Meanwhile what the Byzantine architects developed was a geometrically exact system of converting the square into a circle by means of concave triangular members that are specifically called pendentives.

The character and function of a pendentive may be readily grasped by a practical experiment. Cut an orange into two hemispheres. Lay the flat of one on four reels, placed at the four angles of a square, inscribed within the circle. These reels represent the piers on which the pendentives are to be constructed. Now by four perpendicular incisions of the knife cut off the segments of the hemisphere that project beyond the square. The lateral spaces between the piers will now be spanned by four arches. Finally, a trifle above the top of the arches, make a horizontal cut, removing the upper part of the hemisphere. The rind which remains represents the four pendentives. The flesh inside of it may be likened to the timber centering used in the construction of the pendentives and, now that the latter are completed, may be removed. Remove also the flesh from inside the upper part of the hemisphere. It will then be a hollow cap, which you can replace on the top of the pendentives. You now have an instance of a dome and pendentives included in a single hemisphere. More usually, however, the architect makes the curve of the dome different from that of the pendentives. Frequently, too, to give the dome superior distinction, he constructs a cylindrical wall on the circle of the pendentives, and on this drum, as it is called, elevates his dome.

Scientifically stated: “If a hemisphere be cut by five planes, four perpendicular to its base and bounding a square inscribed therein, and the fifth parallel to the base and tangent to the semi-circular intersection made by the first four, there will remain of the original surface only four triangular spaces bounded by arcs of circles. These are called pendentives.” (Professor Hamlin.)

The first church built by Justinian was SS. Sergius and Bacchus in Constantinople. The part dedicated to the latter saint—a small basilica—was destroyed by the Turks. The remainder presents the plan of a rectangle enclosing an octagon on which rests a dome of a curious, fluted, melon shape.

A few years later was erected the church of S. Vitale in Ravenna, probably as the Court Church. Its plan is an octagon within an octagon; the inner one being surmounted by a dome.

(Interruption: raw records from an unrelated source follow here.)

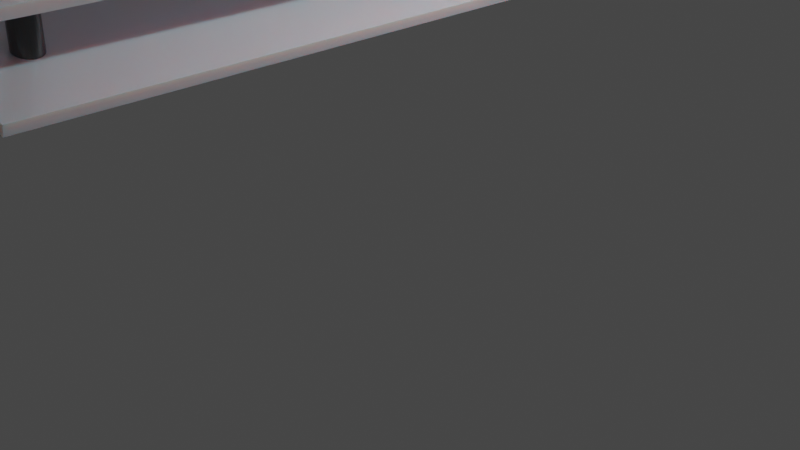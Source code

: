 # Source: CustomBlinds_15_degrees.blend  (saved by Blender 2.91.10; exported with 4.5.12 LTS)
import bpy
from mathutils import Matrix  # noqa: F401  (used for matrix-valued properties, if any)

bpy.ops.wm.read_factory_settings(use_empty=True)
scene = bpy.context.scene
scene.name = 'Scene'

# ---- collections
col_collection = bpy.data.collections.new('Collection'); scene.collection.children.link(col_collection)

# ---- materials (node trees are filled in below, after node groups)
mat_blindscolor = bpy.data.materials.new('BlindsColor')
mat_blindscolor.alpha_threshold = 0.0
mat_blindscolor.use_transparent_shadow = False
mat_blindscolor.line_color = (0.0, 0.0, 0.0, 1.0)
mat_blindspin = bpy.data.materials.new('BlindsPin')
mat_blindspin.use_transparent_shadow = False

# ---- material node trees
mat_blindscolor.use_nodes = True; mat_blindscolor.node_tree.nodes.clear()
_N = mat_blindscolor.node_tree.nodes; _L = mat_blindscolor.node_tree.links
n0 = _N.new('ShaderNodeOutputMaterial'); n0.name = 'Material Output'; n0.location = (300, 300)
n1 = _N.new('ShaderNodeBsdfPrincipled'); n1.name = 'Principled BSDF'; n1.location = (10, 300)
n1.distribution = 'GGX'
n1.subsurface_method = 'BURLEY'
n1.inputs[0].default_value = (0.871, 0.8775, 0.944, 1.0)
n1.inputs[1].default_value = 0.5233
n1.inputs[2].default_value = 0.2
n1.inputs[3].default_value = 1.45
n1.inputs[8].default_value = 1.0
n1.inputs[10].default_value = 0.2798
n1.inputs[27].default_value = (0.0, 0.0, 0.0, 1.0)
n1.inputs[28].default_value = 1.0
_L.new(n1.outputs[0], n0.inputs[0])
n0.is_active_output = True
mat_blindspin.use_nodes = True; mat_blindspin.node_tree.nodes.clear()
_N = mat_blindspin.node_tree.nodes; _L = mat_blindspin.node_tree.links
n0 = _N.new('ShaderNodeBsdfPrincipled'); n0.name = 'Principled BSDF'; n0.location = (10, 300)
n0.distribution = 'GGX'
n0.subsurface_method = 'BURLEY'
n0.inputs[0].default_value = (0.1174, 0.1163, 0.1184, 1.0)
n0.inputs[1].default_value = 0.7772
n0.inputs[2].default_value = 0.2
n0.inputs[3].default_value = 1.45
n0.inputs[8].default_value = 1.0
n0.inputs[10].default_value = 0.1451
n0.inputs[27].default_value = (0.0, 0.0, 0.0, 1.0)
n0.inputs[28].default_value = 1.0
n1 = _N.new('ShaderNodeOutputMaterial'); n1.name = 'Material Output'; n1.location = (300, 300)
_L.new(n0.outputs[0], n1.inputs[0])
n1.is_active_output = True

# ---- world
world_world = bpy.data.worlds.new('World'); scene.world = world_world
world_world.use_nodes = True; world_world.node_tree.nodes.clear()
_N = world_world.node_tree.nodes; _L = world_world.node_tree.links
n0 = _N.new('ShaderNodeOutputWorld'); n0.name = 'World Output'; n0.location = (300, 300)
n1 = _N.new('ShaderNodeBackground'); n1.name = 'Background'; n1.location = (10, 300)
n1.inputs[0].default_value = (0.05088, 0.05088, 0.05088, 1.0)
_L.new(n1.outputs[0], n0.inputs[0])
n0.is_active_output = True
world_world.color = (0.05088, 0.05088, 0.05088)
world_world.use_sun_shadow = False
world_world.sun_shadow_jitter_overblur = 0.0

# ---- cameras
cam_camera = bpy.data.cameras.new('Camera')
cam_camera.clip_end = 100.0
cam_camera.ortho_scale = 7.314

# ---- lights
light_light = bpy.data.lights.new('Light', 'POINT')
light_light.transmission_factor = 0.0
light_light.energy = 1000.0
light_light.shadow_soft_size = 0.1
light_light.shadow_maximum_resolution = 0.006
light_light.use_absolute_resolution = True

# ---- meshes
me_cube = bpy.data.meshes.new('Cube')
me_cube.from_pydata([(1.0, 1.0, 1.0), (1.0, 1.0, -1.0), (1.0, -1.0, 1.0), (1.0, -1.0, -1.0), (-1.0, 1.0, 1.0), (-1.0, 1.0, -1.0), (-1.0, -1.0, 1.0), (-1.0, -1.0, -1.0)], [], [(0, 4, 6, 2), (3, 2, 6, 7), (7, 6, 4, 5), (5, 1, 3, 7), (1, 0, 2, 3), (5, 4, 0, 1)])
_uv = me_cube.uv_layers.new(name='UVMap')
_uv.uv.foreach_set('vector', [0.625, 0.5, 0.875, 0.5, 0.875, 0.75, 0.625, 0.75, 0.375, 0.75, 0.625, 0.75, 0.625, 1.0, 0.375, 1.0, 0.375, 0.0, 0.625, 0.0, 0.625, 0.25, 0.375, 0.25, 0.125, 0.5, 0.375, 0.5, 0.375, 0.75, 0.125, 0.75, 0.375, 0.5, 0.625, 0.5, 0.625, 0.75, 0.375, 0.75, 0.375, 0.25, 0.625, 0.25, 0.625, 0.5, 0.375, 0.5])
me_cube.materials.append(mat_blindscolor)
me_cube.use_remesh_preserve_volume = False
me_cube.use_remesh_preserve_attributes = False
me_cube.use_mirror_vertex_groups = False
me_cube.update()
me_cube_001 = bpy.data.meshes.new('Cube.001')
me_cube_001.from_pydata([(1.0, 1.0, 1.0), (1.0, 1.0, -1.0), (1.0, -1.0, 1.0), (1.0, -1.0, -1.0), (-1.0, 1.0, 1.0), (-1.0, 1.0, -1.0), (-1.0, -1.0, 1.0), (-1.0, -1.0, -1.0)], [], [(0, 4, 6, 2), (3, 2, 6, 7), (7, 6, 4, 5), (5, 1, 3, 7), (1, 0, 2, 3), (5, 4, 0, 1)])
_uv = me_cube_001.uv_layers.new(name='UVMap')
_uv.uv.foreach_set('vector', [0.625, 0.5, 0.875, 0.5, 0.875, 0.75, 0.625, 0.75, 0.375, 0.75, 0.625, 0.75, 0.625, 1.0, 0.375, 1.0, 0.375, 0.0, 0.625, 0.0, 0.625, 0.25, 0.375, 0.25, 0.125, 0.5, 0.375, 0.5, 0.375, 0.75, 0.125, 0.75, 0.375, 0.5, 0.625, 0.5, 0.625, 0.75, 0.375, 0.75, 0.375, 0.25, 0.625, 0.25, 0.625, 0.5, 0.375, 0.5])
me_cube_001.materials.append(mat_blindscolor)
me_cube_001.use_remesh_preserve_volume = False
me_cube_001.use_remesh_preserve_attributes = False
me_cube_001.use_mirror_vertex_groups = False
me_cube_001.update()
me_cube_004 = bpy.data.meshes.new('Cube.004')
me_cube_004.from_pydata([(1.0, 1.0, 1.0), (1.0, 1.0, -1.0), (1.0, -1.0, 1.0), (1.0, -1.0, -1.0), (-1.0, 1.0, 1.0), (-1.0, 1.0, -1.0), (-1.0, -1.0, 1.0), (-1.0, -1.0, -1.0)], [], [(0, 4, 6, 2), (3, 2, 6, 7), (7, 6, 4, 5), (5, 1, 3, 7), (1, 0, 2, 3), (5, 4, 0, 1)])
_uv = me_cube_004.uv_layers.new(name='UVMap')
_uv.uv.foreach_set('vector', [0.625, 0.5, 0.875, 0.5, 0.875, 0.75, 0.625, 0.75, 0.375, 0.75, 0.625, 0.75, 0.625, 1.0, 0.375, 1.0, 0.375, 0.0, 0.625, 0.0, 0.625, 0.25, 0.375, 0.25, 0.125, 0.5, 0.375, 0.5, 0.375, 0.75, 0.125, 0.75, 0.375, 0.5, 0.625, 0.5, 0.625, 0.75, 0.375, 0.75, 0.375, 0.25, 0.625, 0.25, 0.625, 0.5, 0.375, 0.5])
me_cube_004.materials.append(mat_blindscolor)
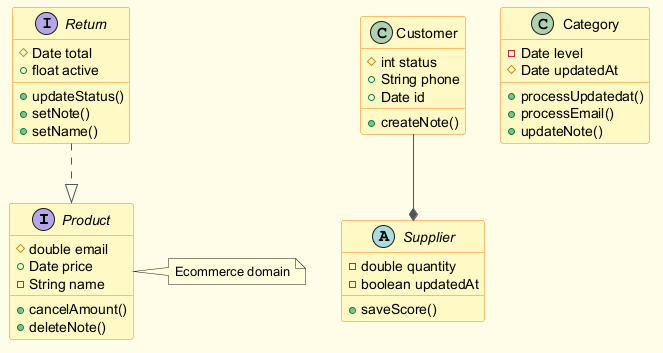

The diagram above was rendered by PlantUML. Its source (embedded in the PNG):
@startuml
skinparam backgroundColor #FFFDE7
skinparam classBackgroundColor #FFF9C4
skinparam classBorderColor #F57F17
skinparam ArrowColor #555555
interface Product {
  #double email
  +Date price
  -String name
  +cancelAmount()
  +deleteNote()
}
abstract class Supplier {
  -double quantity
  -boolean updatedAt
  +saveScore()
}
interface Return {
  #Date total
  +float active
  +updateStatus()
  +setNote()
  +setName()
}
class Category {
  -Date level
  #Date updatedAt
  +processUpdatedat()
  +processEmail()
  +updateNote()
}
class Customer {
  #int status
  +String phone
  +Date id
  +createNote()
}
Customer --* Supplier
Return ..|> Product
note right of Product : Ecommerce domain
@enduml

The domical arrangement of both these churches may have been originally derived from the Pantheon, modified by the example in Rome, of what is called the Temple of Minerva Medica, though it was probably a nymphæum. This building is decagonal with niches projecting from nine of the sides, while the tenth provides the entrance. The dome, of concrete ribbed with tiles, is built over an inner decagon of ten piers carrying ten arches. These in turn support a decagonal drum, pierced with windows, the angles at the top being filled in with rudimentary pendentives. The same principle of construction reappears in both S. Sergius and S. Vitale; the dome of the latter being composed, for the sake of lightness, of earthenware, amphora-shaped pots, the bottom of one being fixed in the lip of another. It is sheathed on the outside with a wooden roof.

This Church of S. Vitale became the model on which Charlemagne based his domical church at Aix-la-Chapelle, which was built as a royal tomb, A.D. 796-814, and was afterward used as the crowning-place of the Emperors of the West.

S. Sophia.—Finally, the pendentive system was fully developed in Justinian’s church in Constantinople dedicated to the Holy Wisdom—Hagia Sophia, called, though erroneously, S. Sophia. It marks the highest development of the Byzantine genius for domical construction.

The architects were Anthemius of Tralles and Isidorus of Miletus, who began the work in 532 and finished it in 537. The plan shows four mighty piers, 25 feet square, set at the angles of a square of 107 feet. These support four arches and intermediate pendentives of noble height, the apex of the dome being 175 feet from the pavement. For the original dome, having collapsed in 555, was replaced by a higher one, lighted by the introduction of forty circular-headed windows around the spring of the curve; an arrangement not only excellent in admitting light to the interior, but also as wonderfully impressive in its way as the single eye of the Pantheon. Rows of small circular headed windows are also pierced in the screens which fill in the north and south arches.

Abutting on the east and west arches of this central mass are semi-domes, supported upon the central piers and two others. And from these project, as in S. Sergius and S. Vitale, small semicircular domes, sustained by an upper and lower story of arcades. Thus was created a vast oval-ended hall, 267 feet long by 107, from every part of which the summit of the dome is visible.